The third section provides : “ In any suit mentioned in the preceding section a separate judgment may .be entered by default against any defendant or defendants severally liable who have been duly served with summons, and against whom the plaintiff would have been entitled to judgment had the suit been against such defendant or defendants only. The suit shall thereby be severed, and shall proceed to trial against the other party or parties in the same manner as if it had been commenced against such other party or parties only, and, if the plaintiff recover, judgment shall be entered against such one or more of the defendants as are found liable to him, but in no event shall the plaintiff be entitled to more than one satisfaction.”

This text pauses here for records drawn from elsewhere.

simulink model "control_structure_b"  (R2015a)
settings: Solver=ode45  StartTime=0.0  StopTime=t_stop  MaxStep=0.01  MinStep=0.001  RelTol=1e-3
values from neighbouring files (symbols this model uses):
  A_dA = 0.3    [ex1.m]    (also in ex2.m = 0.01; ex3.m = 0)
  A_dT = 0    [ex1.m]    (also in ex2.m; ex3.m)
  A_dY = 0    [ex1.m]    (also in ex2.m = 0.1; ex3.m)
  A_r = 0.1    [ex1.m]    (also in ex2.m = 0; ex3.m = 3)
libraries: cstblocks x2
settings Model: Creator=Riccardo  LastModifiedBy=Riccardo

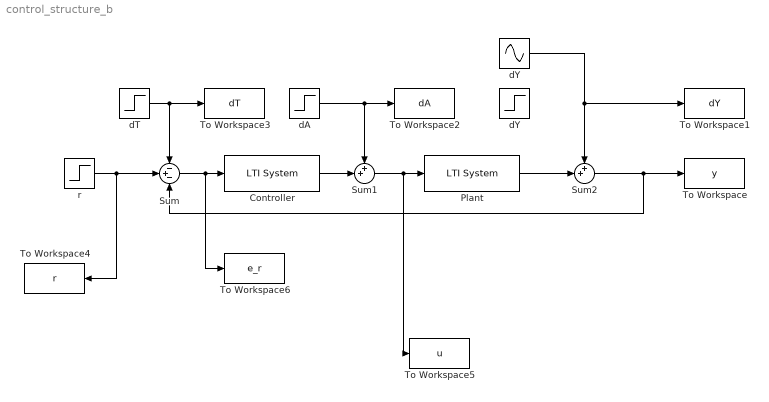
== system control_structure_b ==
  Controller : cstblocks/LTI System  sys=C  IC=[]
  Plant : cstblocks/LTI System  sys=G  IC=[]
  Sum : Sum  Inputs=-+-
  Sum1 : Sum  Inputs=++|
  Sum2 : Sum  Inputs=++|
  To Workspace : ToWorkspace  VariableName=y  SaveFormat=Structure With Time  SampleTime=-1
  To Workspace1 : ToWorkspace  VariableName=dY  SaveFormat=Structure With Time  SampleTime=-1
  To Workspace2 : ToWorkspace  VariableName=dA  SaveFormat=Structure With Time  SampleTime=-1
  To Workspace3 : ToWorkspace  VariableName=dT  SaveFormat=Structure With Time  SampleTime=-1
  To Workspace4 : ToWorkspace  VariableName=r  SaveFormat=Structure With Time  SampleTime=-1
  To Workspace5 : ToWorkspace  VariableName=u  SaveFormat=Structure With Time  SampleTime=-1
  To Workspace6 : ToWorkspace  VariableName=e_r  SaveFormat=Structure With Time  SampleTime=-1
  "dA " : Step  Time=0  After=A_dA  SampleTime=0
  "dT " : Step  Time=0  After=A_dT  SampleTime=0
  dY : Step  Time=0  After=A_dY  SampleTime=0
  "dY " : Sin  Amplitude=A_dY  Frequency=0.05  SampleTime=0
  "r " : Step  Time=0  After=A_r  SampleTime=0
  wires:
  "dT "/1 -> To Workspace3/1, Sum/1
  Sum/1 -> To Workspace6/1, Controller/1
  "dA "/1 -> To Workspace2/1, Sum1/1
  Sum1/1 -> To Workspace5/1, Plant/1
  Controller/1 -> Sum1/2
  Plant/1 -> Sum2/2
  Sum2/1 -> To Workspace/1, Sum/3
  "r "/1 -> To Workspace4/1, Sum/2
  "dY "/1 -> Sum2/1, To Workspace1/1
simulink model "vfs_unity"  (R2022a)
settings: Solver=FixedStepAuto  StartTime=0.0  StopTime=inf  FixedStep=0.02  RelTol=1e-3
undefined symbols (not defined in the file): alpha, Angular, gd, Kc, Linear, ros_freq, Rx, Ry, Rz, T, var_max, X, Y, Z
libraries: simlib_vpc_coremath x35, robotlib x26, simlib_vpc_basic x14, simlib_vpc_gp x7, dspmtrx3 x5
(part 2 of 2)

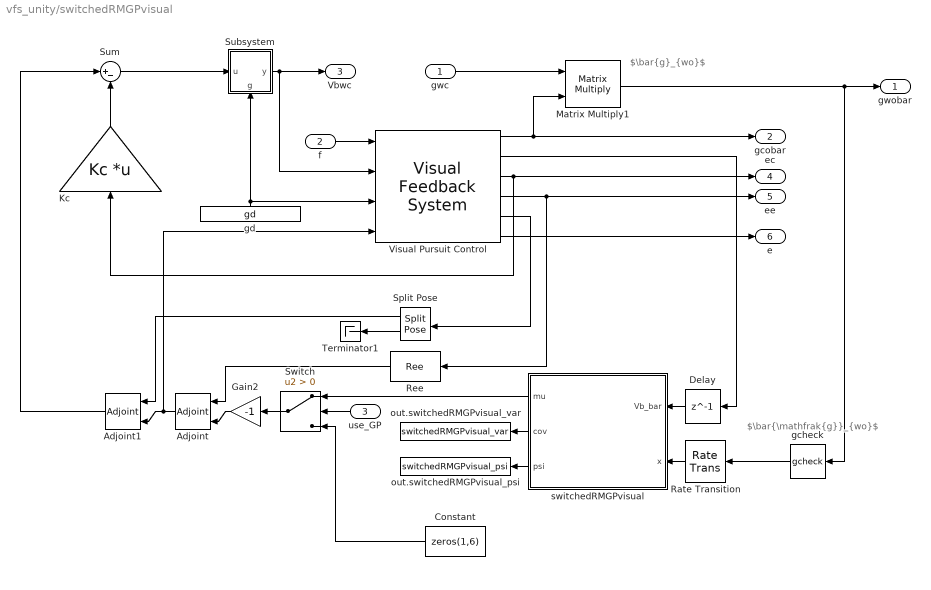
== system vfs_unity/switchedRMGPvisual ==
  note: $\bar{g}_{wo}$
  note: $\bar{\mathfrak{g}}_{wo}$
  gwc : Inport
  f : Inport  Port=2
  use_GP : Inport  Port=3
  Adjoint : simlib_vpc_basic/Adjoint  adjointtype=orientation
      settings: SourceProductName=VPC Library
  Adjoint1 : simlib_vpc_basic/Adjoint  adjointtype=orientation
      settings: SourceProductName=VPC Library
  Constant : Constant  Value=zeros(1,6)
  Delay : Delay  DelayLength=1
  Gain2 : Gain  Gain=-1
  Kc : Gain  Gain=Kc  Multiplication=Matrix(K*u) (u vector)
  Matrix Multiply1 : Product  Multiplication=Matrix(*)
  Rate Transition : RateTransition
  Ree : simlib_vpc_coremath/Ree
      settings: SourceProductName=VPC Library
  Split Pose : simlib_vpc_coremath/Split Pose  show_R=on  show_p=on
      settings: SourceProductName=VPC Library
  Subsystem : Subsystem
      settings: PortSchema="{\"entries\":[{\"content\":{\"sides\":[{\"content\":{\"connectorIds\":[\"In1\"]},\"type\":\"ConnectorPlacement.EquallySpacedRectSide\",\"uuid\":\"72e68008-5c4a-43a9-a560-64c6a31a0c08\"},{\"content\":{\"connectorIds\":[\"Out1\"],\"side\":\"RIGHT\"},\"type\":\"ConnectorPlacement.EquallySpacedRectSide\",\"uuid\":\"da07f5ff-2b2c-4c55-a2f2-34e133777503\"},{\"content\":{\"connectorIds\":[],\"side\":\"TOP\"},\"type\":\"ConnectorPlacement.EquallySpacedRectSide\",\"uuid\":\"6d174428-4364-4e89-aba7-4e9864808ab5\"},{\"content\":{\"connectorIds\":[\"In2\"],\"side\":\"BOTTOM\"},\"type\":\"ConnectorPlacement.EquallySpacedRectSide\",\"uuid\":\"f9633104-9c11-4d21-90a7-e0f886d9e92d\"},{\"content\":{\"connectorIds\":[],\"side\":\"HIDDEN\"},\"type\":\"ConnectorPlacement.EquallySpacedRectSide\",\"uuid\":\"662f08ae-9279-4a4f-85ea-81d97ead27d9\"}]},\"type\":\"ConnectorPlacement.EquallySpacedConnector\",\"uuid\":\"f3cd156c-cccd-47c6-b81c-6113f78efd58\"}],\"packageUris\":[\"http://schema.mathworks.com/mf0/Connector/R2020b\"],\"version\":\"1.0\"}"
      mask Display:
      | % Glitch in Matlab: If you define a line whose starting point and end point
      | % is equal, then the entire mask block is plotted in bold
      | plot([0,0],[0,0])
      | 
      | % Draw box
      | indent = 0.3;
      | ang=[0:0.2:pi/2, pi/2];
      | plot([0,1-indent],[0,0])
      | xp=indent*sin(ang)+1-indent;
      | yp=indent-indent*cos(ang);
      | plot(xp,yp);
      | plot([1,1,indent],[indent,1,1])
      | xp=indent-indent*sin(ang);
      | yp=1-indent+indent*cos(ang);
      | plot(xp,yp);
      | plot([0,0],[1-indent,0])
      | 
      | % Write label & ports
      | disp('-Ad_{(g_d)}','texmode','on')
      | text(0.5,0.2,'\fontsize{7}g_d','texmode','on')
  Sum : Sum  Inputs=|+-
  Switch : Switch  Criteria=u2 > Threshold  SaturateOnIntegerOverflow=off  InputSameDT=off
  Terminator1 : Terminator
  Visual Pursuit Control : simlib_vpc_basic/Visual Feedback System  gd_source=external  gd_value=[eye(4,3),ones(4,1)]  gcobar0=gco_init  Ke_source=internal  Ke=Ke  projection=on  camtype=Pinhole  fo=fp  lambda=lambda  show_Vbwo=on  show_ec=on  show_gce=on  show_ee=on  show_gee=off  show_e=on  show_nu=off  show_dgcobar=off  show_ue_aux=on
      settings: SourceProductName=VPC Library
  gcheck : simlib_vpc_coremath/gcheck
      settings: SourceProductName=VPC Library
  gd : Constant  Value=gd
  out.switchedRMGPvisual_psi : ToWorkspace  VariableName=switchedRMGPvisual_psi  SaveFormat=Structure With Time  SampleTime=-1
  out.switchedRMGPvisual_var : ToWorkspace  VariableName=switchedRMGPvisual_var  SaveFormat=Structure With Time  SampleTime=-1
  switchedRMGPvisual : Subsystem
      mask Display:
      | disp('Switched GP','texmode','on')
      | 
      | % Label ports
      | port_label('input',1,'V^b_{est}','texmode','on')
      | port_label('input',2,'x*','texmode','on')
      | port_label('output',1,'\mu','texmode','on')
      | port_label('output',2,'\Sigma','texmode','on')
      | port_label('output',3,'\psi_{est}','texmode','on')
  gwobar : Outport
  gcobar : Outport  Port=2
  Vbwc : Outport  Port=3
  ec : Outport  Port=4
  ee : Outport  Port=5
  e : Outport  Port=6
  wires:
  f/1 -> Visual Pursuit Control/1
  Matrix Multiply1/1 -> gwobar/1, gcheck/1
  Subsystem/1(y) -> Vbwc/1, Visual Pursuit Control/2
  gwc/1 -> Matrix Multiply1/1
  Visual Pursuit Control/5 -> Split Pose/1
  Kc/1 -> Sum/2
  Visual Pursuit Control/3 -> ec/1, Kc/1
  Visual Pursuit Control/4 -> Ree/1, ee/1
  gd/1 -> Subsystem/2(g), Visual Pursuit Control/3
  Visual Pursuit Control/1 -> Matrix Multiply1/2, gcobar/1
  Split Pose/1 -> Adjoint1/2
  Adjoint/1 -> Visual Pursuit Control/4, Adjoint1/1
  Ree/1 -> Adjoint/2
  Split Pose/2 -> Terminator1/1
  Gain2/1 -> Adjoint/1
  Sum/1 -> Subsystem/1(u)
  Adjoint1/1 -> Sum/1
  Visual Pursuit Control/6 -> e/1
  gcheck/1 -> Rate Transition/1
  switchedRMGPvisual/3(psi) -> out.switchedRMGPvisual_psi/1
  Rate Transition/1 -> switchedRMGPvisual/2(x)
  switchedRMGPvisual/2(cov) -> out.switchedRMGPvisual_var/1
  switchedRMGPvisual/1(mu) -> Switch/1
  Switch/1 -> Gain2/1
  Constant/1 -> Switch/3
  Delay/1 -> switchedRMGPvisual/1(Vb_bar)
  Visual Pursuit Control/2 -> Delay/1
  use_GP/1 -> Switch/2

== system vfs_unity/GP/Subsystem ==
  u : Inport
  g : Inport  Port=2
  Adjoint : simlib_vpc_basic/Adjoint  adjointtype=pose
      settings: SourceProductName=VPC Library
  Gain : Gain  Gain=-1
  y : Outport
  wires:
  Adjoint/1 -> y/1
  u/1 -> Gain/1
  g/1 -> Adjoint/2
  Gain/1 -> Adjoint/1

== system vfs_unity/Standard/Subsystem ==
  u : Inport
  g : Inport  Port=2
  Adjoint : simlib_vpc_basic/Adjoint  adjointtype=pose
      settings: SourceProductName=VPC Library
  Gain : Gain  Gain=-1
  y : Outport
  wires:
  Adjoint/1 -> y/1
  u/1 -> Gain/1
  g/1 -> Adjoint/2
  Gain/1 -> Adjoint/1

== system vfs_unity/switchedGP/Subsystem ==
  u : Inport
  g : Inport  Port=2
  Adjoint : simlib_vpc_basic/Adjoint  adjointtype=pose
      settings: SourceProductName=VPC Library
  Gain : Gain  Gain=-1
  y : Outport
  wires:
  Adjoint/1 -> y/1
  u/1 -> Gain/1
  g/1 -> Adjoint/2
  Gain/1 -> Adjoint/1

This statute applies to cases where a suit is brought against two or more persons severally liable on a promissory note or bill of exchange, and one or more of the defendants make default, and the plaintiff proceeds to trial against the other party and fails; he still could have the damages assessed, and upon the finding have judgment by default against the defendant or defendants not putting in a defense. In this case there has been no default, hence no severance. All the defendants filed pleas and put in a defense. By the terms of the statute it refers, to and includes only cases where there has been a default, and the plaintiff is entitled to a judgment.

This case is not within the language or spirit of the act of 1895. When a statute is clear in meaning and purpose, it is not within the power or province of the court to extend its application to a case not within its terms, and especially when such extension would work a repeal of a well established principle of the common law. Repeals by implication, either of a statute or a well-recognized principle of the common law, are not favored, if there is inconsistency between the new act and the old statute, or between the new act and the common law.

This case does not fall within the rule at common law, or within the act of 1895. The court erred in entering judgment against the appellants and in favor of John" A. Deatherage.

The judgment of the Circuit Court is reversed and this cause remanded.